FUNDED income in the banking sector has taken a knock from declining interest and high default rates in the private sector, a local equities group has said.
In an economic outlook released recently, Equity Axis (Equity) noted that trends in the banking sector ― which recorded income of $1,1 billion in the full year to December 31, 2017, an increase of 13 percent on the previous year ― showed a sustained upsurge in transactional business which in turn had overlapped the impact of partial funded income slowdown to drive overall incomes up.
“Funded income is hamstrung by declining interest rates and high default risk in private sector lending.

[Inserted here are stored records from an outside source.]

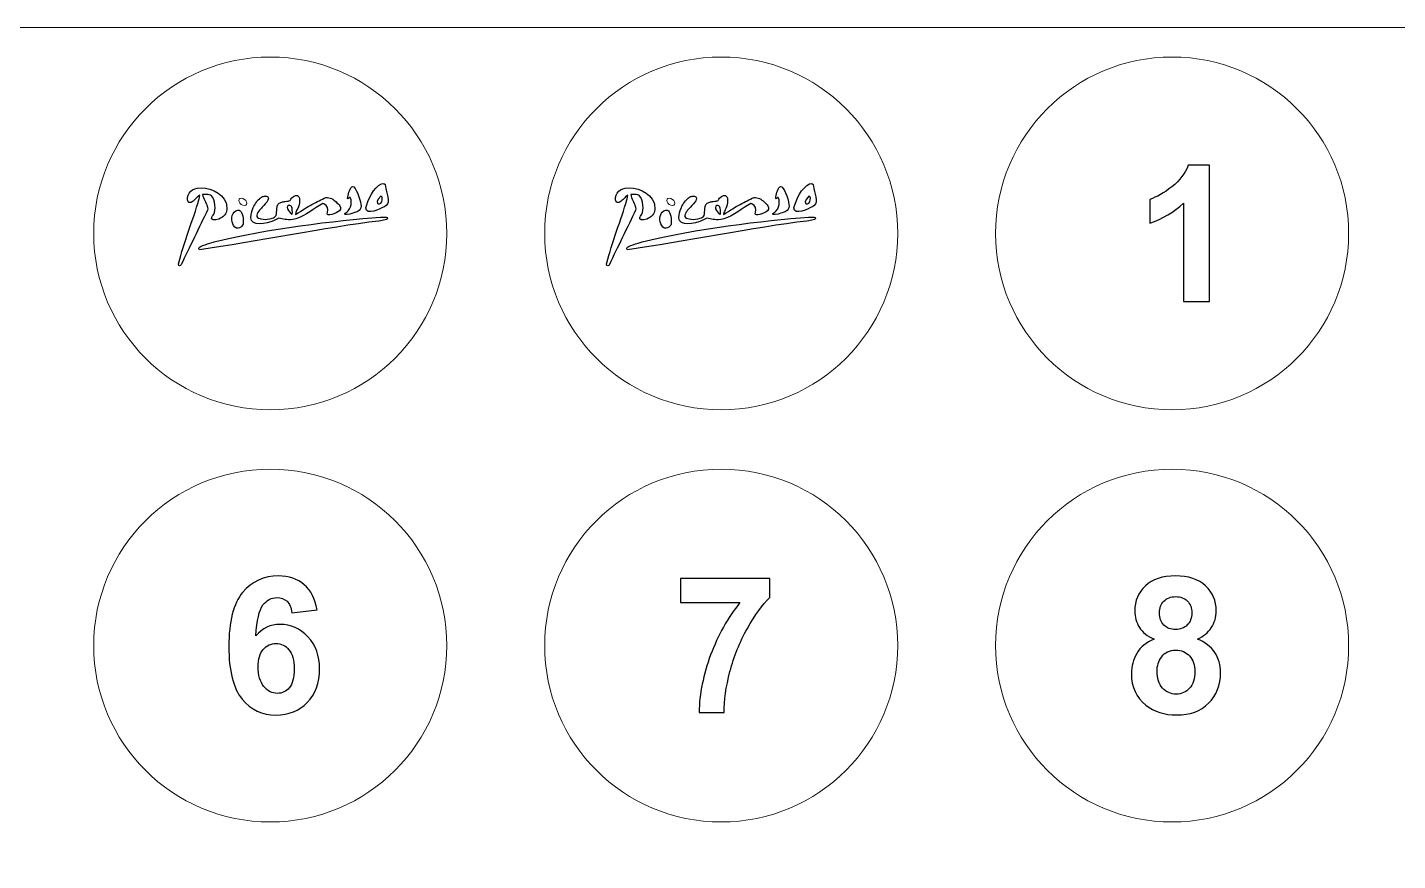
# Model space of a CAD drawing. Header units: millimetres. Extents: x -676 to 660, y -238 to 366.
# Drawn here: x 354.9 to 457.1, y 300 to 362.2 of the extents above; entities that cross this region are included whole.
import ezdxf

# ---------------------------------------------------------------- set-up
doc = ezdxf.new("R2010")
doc.units = ezdxf.units.MM
doc.header["$MEASUREMENT"] = 0
doc.layers.add('layer 1', color=7, linetype='Continuous')

msp = doc.modelspace()

# ---------------------------------------------------------------- linework, layer by layer
at = {"layer": 'layer 1', "color": 250, "lineweight": 20}
for points, knots in [([(221.6275, 362.1824), (221.6275, 362.1824), (457.0516, 362.1824), (457.0516, 362.1824), (457.0516, 362.1824), (457.0516, 362.1824), (659.621, 362.1824), (659.621, 362.1824), (659.621, 362.1824), (659.621, 362.1824), (659.621, 208.4226), (659.621, 208.4226), (659.621, 208.4226), (659.621, 208.4226), (457.0516, 208.4226), (457.0516, 208.4226), (457.0516, 208.4226), (457.0516, 208.4226), (221.6275, 208.4226), (221.6275, 208.4226), (221.6275, 208.4226), (221.6275, 208.4226), (221.6275, 362.1824), (221.6275, 362.1824)], [0, 0, 0, 0, 0.14285714, 0.14285714, 0.14285714, 0.14285714, 0.28571429, 0.28571429, 0.28571429, 0.28571429, 0.42857143, 0.42857143, 0.42857143, 0.42857143, 0.57142857, 0.57142857, 0.57142857, 0.57142857, 0.71428571, 0.71428571, 0.71428571, 0.71428571, 1, 1, 1, 1]), ([(372.9714, 359.9715), (380.2422, 359.9715), (386.1365, 354.0772), (386.1365, 346.8064), (386.1365, 346.8064), (386.1365, 339.5356), (380.2422, 333.6413), (372.9714, 333.6413), (372.9714, 333.6413), (365.7006, 333.6413), (359.8063, 339.5356), (359.8063, 346.8064), (359.8063, 346.8064), (359.8063, 354.0772), (365.7006, 359.9715), (372.9714, 359.9715)], [0, 0, 0, 0, 0.2, 0.2, 0.2, 0.2, 0.4, 0.4, 0.4, 0.4, 0.6, 0.6, 0.6, 0.6, 1, 1, 1, 1]), ([(406.6034, 359.9715), (413.8742, 359.9715), (419.7685, 354.0772), (419.7685, 346.8064), (419.7685, 346.8064), (419.7685, 339.5356), (413.8742, 333.6413), (406.6034, 333.6413), (406.6034, 333.6413), (399.3326, 333.6413), (393.4383, 339.5356), (393.4383, 346.8064), (393.4383, 346.8064), (393.4383, 354.0772), (399.3326, 359.9715), (406.6034, 359.9715)], [0, 0, 0, 0, 0.2, 0.2, 0.2, 0.2, 0.4, 0.4, 0.4, 0.4, 0.6, 0.6, 0.6, 0.6, 1, 1, 1, 1]), ([(440.2354, 359.9715), (447.5062, 359.9715), (453.4005, 354.0772), (453.4005, 346.8064), (453.4005, 346.8064), (453.4005, 339.5356), (447.5062, 333.6413), (440.2354, 333.6413), (440.2354, 333.6413), (432.9646, 333.6413), (427.0703, 339.5356), (427.0703, 346.8064), (427.0703, 346.8064), (427.0703, 354.0772), (432.9646, 359.9715), (440.2354, 359.9715)], [0, 0, 0, 0, 0.2, 0.2, 0.2, 0.2, 0.4, 0.4, 0.4, 0.4, 0.6, 0.6, 0.6, 0.6, 1, 1, 1, 1]), ([(370.9249, 349.4102), (371.093, 349.3475), (371.2293, 349.1853), (371.2293, 349.0479), (371.2293, 349.0479), (371.2293, 348.9105), (371.093, 348.8499), (370.9249, 348.9126), (370.9249, 348.9126), (370.7568, 348.9753), (370.6206, 349.1375), (370.6206, 349.2749), (370.6206, 349.2749), (370.6206, 349.4123), (370.7568, 349.4729), (370.9249, 349.4102)], [0, 0, 0, 0, 0.2, 0.2, 0.2, 0.2, 0.4, 0.4, 0.4, 0.4, 0.6, 0.6, 0.6, 0.6, 1, 1, 1, 1]), ([(402.8501, 349.4102), (403.0182, 349.3475), (403.1545, 349.1853), (403.1545, 349.0479), (403.1545, 349.0479), (403.1545, 348.9105), (403.0182, 348.8499), (402.8501, 348.9126), (402.8501, 348.9126), (402.682, 348.9753), (402.5458, 349.1375), (402.5458, 349.2749), (402.5458, 349.2749), (402.5458, 349.4123), (402.682, 349.4729), (402.8501, 349.4102)], [0, 0, 0, 0, 0.2, 0.2, 0.2, 0.2, 0.4, 0.4, 0.4, 0.4, 0.6, 0.6, 0.6, 0.6, 1, 1, 1, 1]), ([(372.9714, 329.2195), (380.2422, 329.2195), (386.1365, 323.3252), (386.1365, 316.0544), (386.1365, 316.0544), (386.1365, 308.7836), (380.2422, 302.8893), (372.9714, 302.8893), (372.9714, 302.8893), (365.7006, 302.8893), (359.8063, 308.7836), (359.8063, 316.0544), (359.8063, 316.0544), (359.8063, 323.3252), (365.7006, 329.2195), (372.9714, 329.2195)], [0, 0, 0, 0, 0.2, 0.2, 0.2, 0.2, 0.4, 0.4, 0.4, 0.4, 0.6, 0.6, 0.6, 0.6, 1, 1, 1, 1]), ([(406.6034, 329.2195), (413.8742, 329.2195), (419.7685, 323.3252), (419.7685, 316.0544), (419.7685, 316.0544), (419.7685, 308.7836), (413.8742, 302.8893), (406.6034, 302.8893), (406.6034, 302.8893), (399.3326, 302.8893), (393.4383, 308.7836), (393.4383, 316.0544), (393.4383, 316.0544), (393.4383, 323.3252), (399.3326, 329.2195), (406.6034, 329.2195)], [0, 0, 0, 0, 0.2, 0.2, 0.2, 0.2, 0.4, 0.4, 0.4, 0.4, 0.6, 0.6, 0.6, 0.6, 1, 1, 1, 1]), ([(440.2354, 329.2195), (447.5062, 329.2195), (453.4005, 323.3252), (453.4005, 316.0544), (453.4005, 316.0544), (453.4005, 308.7836), (447.5062, 302.8893), (440.2354, 302.8893), (440.2354, 302.8893), (432.9646, 302.8893), (427.0703, 308.7836), (427.0703, 316.0544), (427.0703, 316.0544), (427.0703, 323.3252), (432.9646, 329.2195), (440.2354, 329.2195)], [0, 0, 0, 0, 0.2, 0.2, 0.2, 0.2, 0.4, 0.4, 0.4, 0.4, 0.6, 0.6, 0.6, 0.6, 1, 1, 1, 1])]:
    msp.add_open_spline(points, degree=3, knots=knots, dxfattribs=at)
at = {"layer": 'layer 1', "color": 250}
for points, knots in [([(443.014, 341.7175), (443.014, 341.7175), (441.0743, 341.7175), (441.0743, 341.7175), (441.0743, 341.7175), (441.0743, 341.7175), (441.0743, 349.0565), (441.0743, 349.0565), (441.0743, 349.0565), (440.3663, 348.3911), (439.531, 347.8979), (438.5682, 347.5793), (438.5682, 347.5793), (438.5682, 347.5793), (438.5682, 349.3491), (438.5682, 349.3491), (438.5682, 349.3491), (439.0755, 349.5143), (439.6254, 349.8282), (440.2177, 350.2931), (440.2177, 350.2931), (440.8123, 350.7556), (441.2182, 351.296), (441.4401, 351.9119), (441.4401, 351.9119), (441.4401, 351.9119), (443.014, 351.9119), (443.014, 351.9119), (443.014, 351.9119), (443.014, 351.9119), (443.014, 341.7175), (443.014, 341.7175)], [0, 0, 0, 0, 0.11111111, 0.11111111, 0.11111111, 0.11111111, 0.22222222, 0.22222222, 0.22222222, 0.22222222, 0.33333333, 0.33333333, 0.33333333, 0.33333333, 0.44444444, 0.44444444, 0.44444444, 0.44444444, 0.55555556, 0.55555556, 0.55555556, 0.55555556, 0.66666667, 0.66666667, 0.66666667, 0.66666667, 0.77777778, 0.77777778, 0.77777778, 0.77777778, 1, 1, 1, 1]), ([(380.0992, 348.722), (380.0992, 348.0818), (381.221, 348.6705), (381.4805, 348.8002), (381.4805, 348.8002), (381.7117, 348.9158), (381.7748, 349.0562), (381.7633, 349.313), (381.7633, 349.313), (381.7497, 349.6144), (381.6431, 349.8634), (381.5847, 350.1554), (381.5847, 350.1554), (381.5557, 350.3586), (381.5747, 350.6276), (381.2675, 350.4989), (381.2675, 350.4989), (380.6804, 350.2526), (380.238, 349.2771), (380.0992, 348.722)], [0, 0, 0, 0, 0.16666667, 0.16666667, 0.16666667, 0.16666667, 0.33333333, 0.33333333, 0.33333333, 0.33333333, 0.5, 0.5, 0.5, 0.5, 0.66666667, 0.66666667, 0.66666667, 0.66666667, 1, 1, 1, 1]), ([(412.0244, 348.722), (412.0244, 348.0818), (413.1462, 348.6705), (413.4057, 348.8002), (413.4057, 348.8002), (413.6369, 348.9158), (413.7, 349.0562), (413.6885, 349.313), (413.6885, 349.313), (413.6749, 349.6144), (413.5683, 349.8634), (413.5099, 350.1554), (413.5099, 350.1554), (413.4809, 350.3586), (413.4999, 350.6276), (413.1927, 350.4989), (413.1927, 350.4989), (412.6056, 350.2526), (412.1632, 349.2771), (412.0244, 348.722)], [0, 0, 0, 0, 0.16666667, 0.16666667, 0.16666667, 0.16666667, 0.33333333, 0.33333333, 0.33333333, 0.33333333, 0.5, 0.5, 0.5, 0.5, 0.66666667, 0.66666667, 0.66666667, 0.66666667, 1, 1, 1, 1]), ([(366.8403, 349.1708), (367.0157, 348.9693), (367.2956, 349.2881), (367.407, 349.3996), (367.407, 349.3996), (367.516, 349.5085), (367.5606, 349.5723), (367.7078, 349.6504), (367.7078, 349.6504), (367.6965, 349.5487), (367.6766, 349.4046), (367.6481, 349.3085), (367.6481, 349.3085), (367.2274, 347.8911), (366.5012, 346.0735), (366.156, 344.6042), (366.156, 344.6042), (366.156, 344.6042), (366.13, 344.526), (366.13, 344.526), (366.13, 344.526), (366.121, 344.3239), (366.2998, 344.416), (366.3124, 344.4478), (366.3124, 344.4478), (366.3124, 344.4478), (366.3385, 344.4999), (366.3385, 344.4999), (366.3385, 344.4999), (366.9084, 345.6403), (367.7235, 347.3892), (368.2993, 348.5395), (368.2993, 348.5395), (368.3216, 348.6001), (368.3279, 348.6671), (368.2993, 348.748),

“Sovereign paper remains the preferred interest earning asset and a slowdown in TB issuance may lower income from net interest income,” Equity said, adding this had left banks heavily reliant on non-funded income.
While money supply stood at $7,8 billion as at February – which is an exorbitant year on year growth of 36 percent – transferable deposits had been the force behind the growth having spiked by 47 percent over the same period.
“As a result, domestic credit went up by 38,5 percent to $10,5 billion between February 2017 and February 2018.
“Credit growth was largely stimulated by a growth of $2,3 billion in credit extended to government from $3,9 billion to $6,8 billion as at February,” Equity said.
Non-funded income at $550 million accounted for close to half of the sector’s total earnings in 2017, a trend which points to a growing over-reliance on non-interest income.
According to IH Securities (IH), non-funded income’s contribution to total income rose from 53 percent in 2016 to 57 percent last year.
“This therefore highlighted how crucial this source of income has become for the banks again after the contribution had started coming off from FY12,” IH said recently.
The market has seen a trend of diversifying income streams within the sector with banks like CBZ, FBC and ZB Bank growing their insurance footprint, while most banks have started making moves to grow digitally as the brick and mortar model of banking becomes redundant.
As the economy continues to become informal, banks have also started targeting this sector as this is where most of the transactional volumes take place.
“Unlike past years where transactional charges were high and lending was low and in turn non-funded income was high, banks have recently started making a deliberate effort to grow non-funded income as it is the source of income that is easily accessible with the current environment,” IH added.